# What to buy with an x-carve?



## nogeel

I think I am going to take a plunge on buying a 1000mm X-carve this week. Any advice on where to save money, what items to go ahead and buy with it, and anything I should buy from a 3rd party. I am just trying to keep the price down and get a fully functional machine for the most bang for my buck.
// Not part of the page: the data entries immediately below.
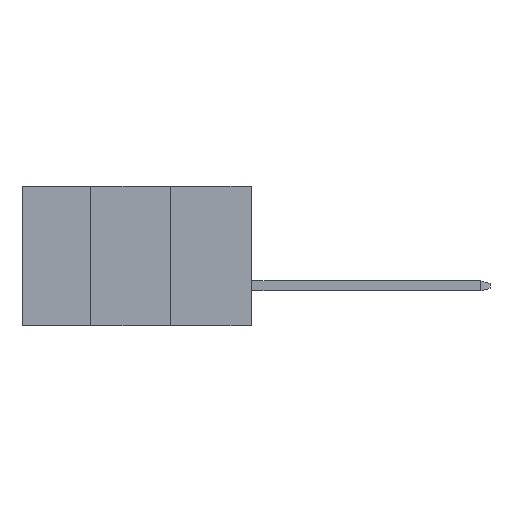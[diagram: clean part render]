
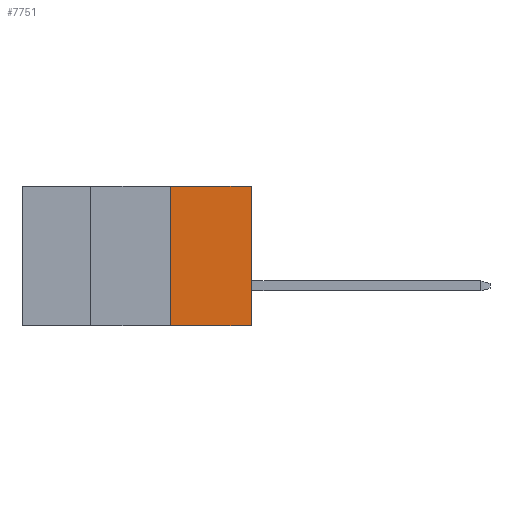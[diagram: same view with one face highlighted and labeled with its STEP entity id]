
A CAD part, left-side view. The second image highlights one B-rep face of the part: STEP entity #7751.
In plain terms, the highlighted planar face has unit normal (-1, 0, 0).
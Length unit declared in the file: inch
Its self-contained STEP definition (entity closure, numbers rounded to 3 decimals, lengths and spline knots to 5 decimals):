
#293 = VECTOR ( 'NONE', #1527, 39.37008 ) ;
#345 = EDGE_LOOP ( 'NONE', ( #4115, #6757, #2720, #6556 ) ) ;
#767 = VERTEX_POINT ( 'NONE', #8110 ) ;
#956 = VERTEX_POINT ( 'NONE', #6488 ) ;
#1443 = VECTOR ( 'NONE', #6010, 39.37008 ) ;
#1495 = DIRECTION ( 'NONE',  ( 1., 0., 0. ) ) ;
#1527 = DIRECTION ( 'NONE',  ( 0., 0., 1. ) ) ;
#1583 = VERTEX_POINT ( 'NONE', #3091 ) ;
#2151 = EDGE_CURVE ( 'NONE', #767, #1583, #2527, .T. ) ;
#2152 = EDGE_CURVE ( 'NONE', #956, #5517, #4608, .T. ) ;
#2166 = FACE_OUTER_BOUND ( 'NONE', #345, .T. ) ;
#2189 = CARTESIAN_POINT ( 'NONE',  ( 0.4265, 0., -0.437 ) ) ;
#2527 = LINE ( 'NONE', #5293, #4453 ) ;
#2720 = ORIENTED_EDGE ( 'NONE', *, *, #7488, .F. ) ;
#2970 = CARTESIAN_POINT ( 'NONE',  ( 0.4265, 0., -0.437 ) ) ;
#3091 = CARTESIAN_POINT ( 'NONE',  ( 0.4265, 0., 0. ) ) ;
#3563 = PLANE ( 'NONE',  #8656 ) ;
#4115 = ORIENTED_EDGE ( 'NONE', *, *, #4251, .T. ) ;
#4198 = DIRECTION ( 'NONE',  ( 0., 0., 1. ) ) ;
#4242 = DIRECTION ( 'NONE',  ( 0., 0., -1. ) ) ;
#4251 = EDGE_CURVE ( 'NONE', #5517, #1583, #7106, .T. ) ;
#4281 = CARTESIAN_POINT ( 'NONE',  ( 0.4265, 0.254, -0.437 ) ) ;
#4453 = VECTOR ( 'NONE', #5155, 39.37008 ) ;
#4608 = LINE ( 'NONE', #7252, #1443 ) ;
#4701 = CARTESIAN_POINT ( 'NONE',  ( 0.4265, 0.254, -0.437 ) ) ;
#4962 = VECTOR ( 'NONE', #4198, 39.37008 ) ;
#5155 = DIRECTION ( 'NONE',  ( 0., -1., 0. ) ) ;
#5293 = CARTESIAN_POINT ( 'NONE',  ( 0.4265, 0.254, 0. ) ) ;
#5517 = VERTEX_POINT ( 'NONE', #2189 ) ;
#6010 = DIRECTION ( 'NONE',  ( 0., -1., 0. ) ) ;
#6488 = CARTESIAN_POINT ( 'NONE',  ( 0.4265, 0.254, -0.437 ) ) ;
#6556 = ORIENTED_EDGE ( 'NONE', *, *, #2152, .T. ) ;
#6757 = ORIENTED_EDGE ( 'NONE', *, *, #2151, .F. ) ;
#7106 = LINE ( 'NONE', #2970, #293 ) ;
#7252 = CARTESIAN_POINT ( 'NONE',  ( 0.4265, 0.254, -0.437 ) ) ;
#7475 = LINE ( 'NONE', #4701, #4962 ) ;
#7488 = EDGE_CURVE ( 'NONE', #956, #767, #7475, .T. ) ;
#7751 = ADVANCED_FACE ( 'NONE', ( #2166 ), #3563, .F. ) ;
#8110 = CARTESIAN_POINT ( 'NONE',  ( 0.4265, 0.254, 0. ) ) ;
#8656 = AXIS2_PLACEMENT_3D ( 'NONE', #4281, #1495, #4242 ) ;
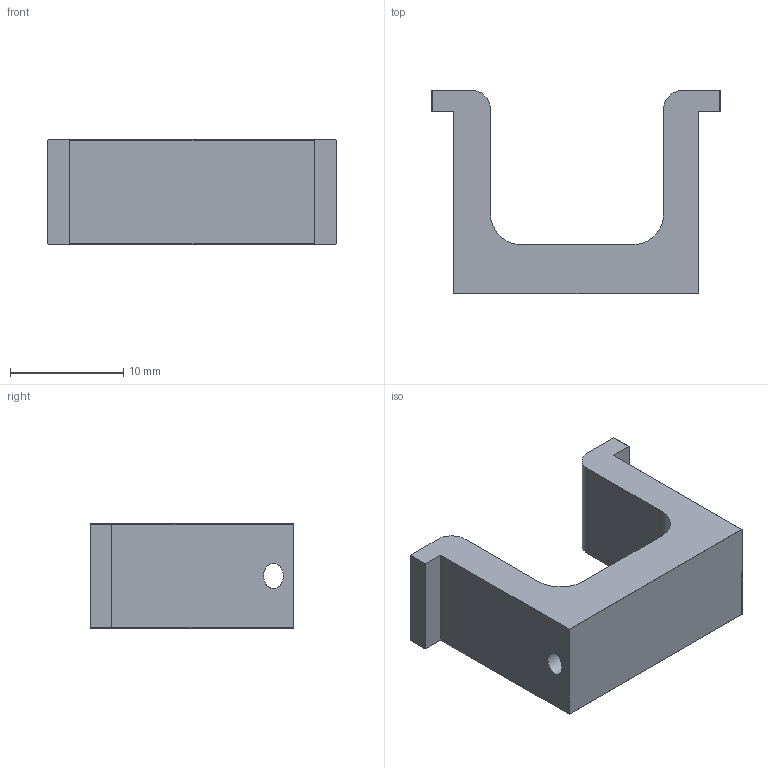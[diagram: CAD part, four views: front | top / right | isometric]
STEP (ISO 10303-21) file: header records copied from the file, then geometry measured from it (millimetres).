
FILE_DESCRIPTION(/* description */ ('STEP AP214'),/* implementation_level */ '2;1');
FILE_NAME(/* name */ 'Rear_RailPNineNineRails Release.stp',/* time_stamp */ '2022-05-10T17:49:01-05:00',/* author */ ('johne'),/* organization */ (''),/* preprocessor_version */ 'ST-DEVELOPER v18.1',/* originating_system */ 'Autodesk Inventor 2020',/* authorisation */ '');
FILE_SCHEMA (('AUTOMOTIVE_DESIGN { 1 0 10303 214 3 1 1 }'));
Length unit declared in the file: millimetre
Products named in the file (1): Rear_RailPNineNineRails (1)
Bounding box: 25.51 x 17.93 x 9.2 mm (x, y, z)
Volume: 1667.6 mm3; surface area: 1519.5 mm2
Topology: 1 solids, 1 shells, 35 faces, 89 edges, 56 vertices
Faces by surface type: plane 30, cylinder 4, bspline 1
Entity records: 1093 total; most frequent: CARTESIAN_POINT 198, ORIENTED_EDGE 178, DIRECTION 171, EDGE_CURVE 89, LINE 77, VECTOR 77, VERTEX_POINT 56, AXIS2_PLACEMENT_3D 47
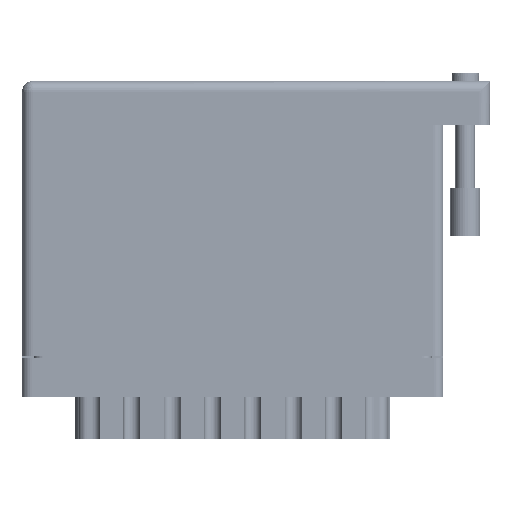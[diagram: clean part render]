
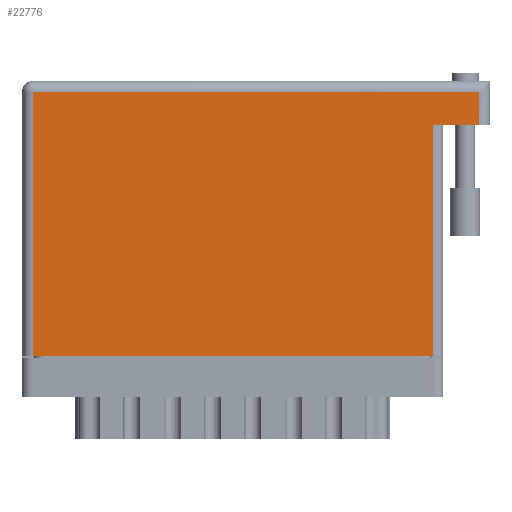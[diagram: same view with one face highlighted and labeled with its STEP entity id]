
A CAD part, front view. The second image highlights one B-rep face of the part: STEP entity #22776.
In plain terms, the highlighted face is planar.
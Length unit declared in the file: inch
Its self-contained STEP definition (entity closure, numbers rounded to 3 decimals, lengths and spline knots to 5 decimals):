
#1450 = VECTOR ( 'NONE', #22058, 39.37008 ) ;
#3459 = VERTEX_POINT ( 'NONE', #6366 ) ;
#3495 = CARTESIAN_POINT ( 'NONE',  ( 2.648, 1.495, 0. ) ) ;
#3693 = CARTESIAN_POINT ( 'NONE',  ( 0., 0., 0. ) ) ;
#4041 = VERTEX_POINT ( 'NONE', #14147 ) ;
#5675 = FACE_OUTER_BOUND ( 'NONE', #36962, .T. ) ;
#6366 = CARTESIAN_POINT ( 'NONE',  ( 2.948, 1.495, 0. ) ) ;
#8179 = DIRECTION ( 'NONE',  ( -1., 0., 0. ) ) ;
#11476 = ORIENTED_EDGE ( 'NONE', *, *, #52026, .F. ) ;
#11810 = ORIENTED_EDGE ( 'NONE', *, *, #66052, .T. ) ;
#13316 = AXIS2_PLACEMENT_3D ( 'NONE', #13476, #46692, #25016 ) ;
#13476 = CARTESIAN_POINT ( 'NONE',  ( 0., 1.775, 0. ) ) ;
#13719 = PLANE ( 'NONE',  #13316 ) ;
#14147 = CARTESIAN_POINT ( 'NONE',  ( 0.07, 0., 0. ) ) ;
#15513 = ORIENTED_EDGE ( 'NONE', *, *, #22436, .T. ) ;
#16472 = EDGE_CURVE ( 'NONE', #16959, #4041, #56942, .T. ) ;
#16959 = VERTEX_POINT ( 'NONE', #71422 ) ;
#21728 = CARTESIAN_POINT ( 'NONE',  ( 2.948, 1.705, 0. ) ) ;
#22058 = DIRECTION ( 'NONE',  ( 0., -1., 0. ) ) ;
#22436 = EDGE_CURVE ( 'NONE', #4041, #41299, #52454, .T. ) ;
#22701 = DIRECTION ( 'NONE',  ( -1., 0., 0. ) ) ;
#22776 = ADVANCED_FACE ( 'NONE', ( #5675 ), #13719, .F. ) ;
#24673 = VECTOR ( 'NONE', #53970, 39.37008 ) ;
#24950 = EDGE_CURVE ( 'NONE', #41299, #67118, #54630, .T. ) ;
#25016 = DIRECTION ( 'NONE',  ( -1., 0., 0. ) ) ;
#26283 = CARTESIAN_POINT ( 'NONE',  ( 0.07, 0., 0. ) ) ;
#26668 = CARTESIAN_POINT ( 'NONE',  ( 2.948, 1.775, 0. ) ) ;
#27879 = CARTESIAN_POINT ( 'NONE',  ( 3.018, 1.495, 0. ) ) ;
#36248 = CARTESIAN_POINT ( 'NONE',  ( 0., 1.705, 0. ) ) ;
#36461 = LINE ( 'NONE', #26668, #64605 ) ;
#36631 = CARTESIAN_POINT ( 'NONE',  ( 2.648, 1.495, 0. ) ) ;
#36962 = EDGE_LOOP ( 'NONE', ( #15513, #70373, #11476, #11810, #56923, #41194 ) ) ;
#38840 = LINE ( 'NONE', #27879, #66105 ) ;
#41194 = ORIENTED_EDGE ( 'NONE', *, *, #16472, .T. ) ;
#41299 = VERTEX_POINT ( 'NONE', #43832 ) ;
#41856 = VECTOR ( 'NONE', #56058, 39.37008 ) ;
#43832 = CARTESIAN_POINT ( 'NONE',  ( 2.648, 0., 0. ) ) ;
#44932 = EDGE_CURVE ( 'NONE', #62155, #16959, #72346, .T. ) ;
#46692 = DIRECTION ( 'NONE',  ( 0., 0., -1. ) ) ;
#52026 = EDGE_CURVE ( 'NONE', #3459, #67118, #38840, .T. ) ;
#52454 = LINE ( 'NONE', #3693, #41856 ) ;
#53970 = DIRECTION ( 'NONE',  ( 0., 1., 0. ) ) ;
#54630 = LINE ( 'NONE', #3495, #24673 ) ;
#56058 = DIRECTION ( 'NONE',  ( 1., 0., 0. ) ) ;
#56923 = ORIENTED_EDGE ( 'NONE', *, *, #44932, .T. ) ;
#56942 = LINE ( 'NONE', #26283, #1450 ) ;
#57430 = VECTOR ( 'NONE', #8179, 39.37008 ) ;
#62155 = VERTEX_POINT ( 'NONE', #21728 ) ;
#64605 = VECTOR ( 'NONE', #71158, 39.37008 ) ;
#66052 = EDGE_CURVE ( 'NONE', #3459, #62155, #36461, .T. ) ;
#66105 = VECTOR ( 'NONE', #22701, 39.37008 ) ;
#67118 = VERTEX_POINT ( 'NONE', #36631 ) ;
#70373 = ORIENTED_EDGE ( 'NONE', *, *, #24950, .T. ) ;
#71158 = DIRECTION ( 'NONE',  ( 0., 1., 0. ) ) ;
#71422 = CARTESIAN_POINT ( 'NONE',  ( 0.07, 1.705, 0. ) ) ;
#72346 = LINE ( 'NONE', #36248, #57430 ) ;

(Also, as a side question. Can you use Fusion 360 to do 3d carves with the X-Carve?)

Jeff


----------



## noname2

You may want to Google Fusion 360 3D carving or try this link https://www.youtube.com/watch?v=nO56OwO9xnc.I am not a huge X-carve fan as they are truly a light weight machine but if you are looking to just dip your toes in the water and see if you like it at least you won't have a fortune tied up in it, just a second mortgage,LOL. Looking at the web site there really are not too many area's to cut corners as they have already gotten it about as far down as is possible. About the only thing cheaper is an Ebay Chinese 3020 system and I have no idea or any understanding of them. There are other tools to look at that come with software such as Carvewright, there was a fellow on Woodworking.org who had one and did lots of very cool stuff with it. Good luck and sorry the guy that doesn't know a lot tried to answer your question but I didn't reply see anyone else stepping up and that irritated me.
Pat


----------



## Jake229

Hello! I just "dipped my toes" into CNC as well. I opted for Sienci Labs. I preordered their LongMill MK2 30×30. With any luck, it should be shipped by the end of March. The reason I chose them? Their community. They have an excellent forum, with friendly folks who are willing to step up and help without any politics, belittling or making you feel like a dummy.

I wanted a CNC that cost between 7,000 and 15,000 but lost sleep over it. When I get my business off the ground, I can get another, more expensive unit. I am opting for Vectric VCarve Pro software. They too have an excellent online presence, and a forum that appears to provide assistance to their customers in a similar manner.

I hope that helps, your miles may vary. I wish you well my friend!

NOTE: this is a really old thread! Instead of deleting my post, I thought I would add this disclaimer to it. Would be nice to hear what the OP ended up with.

Jake


----------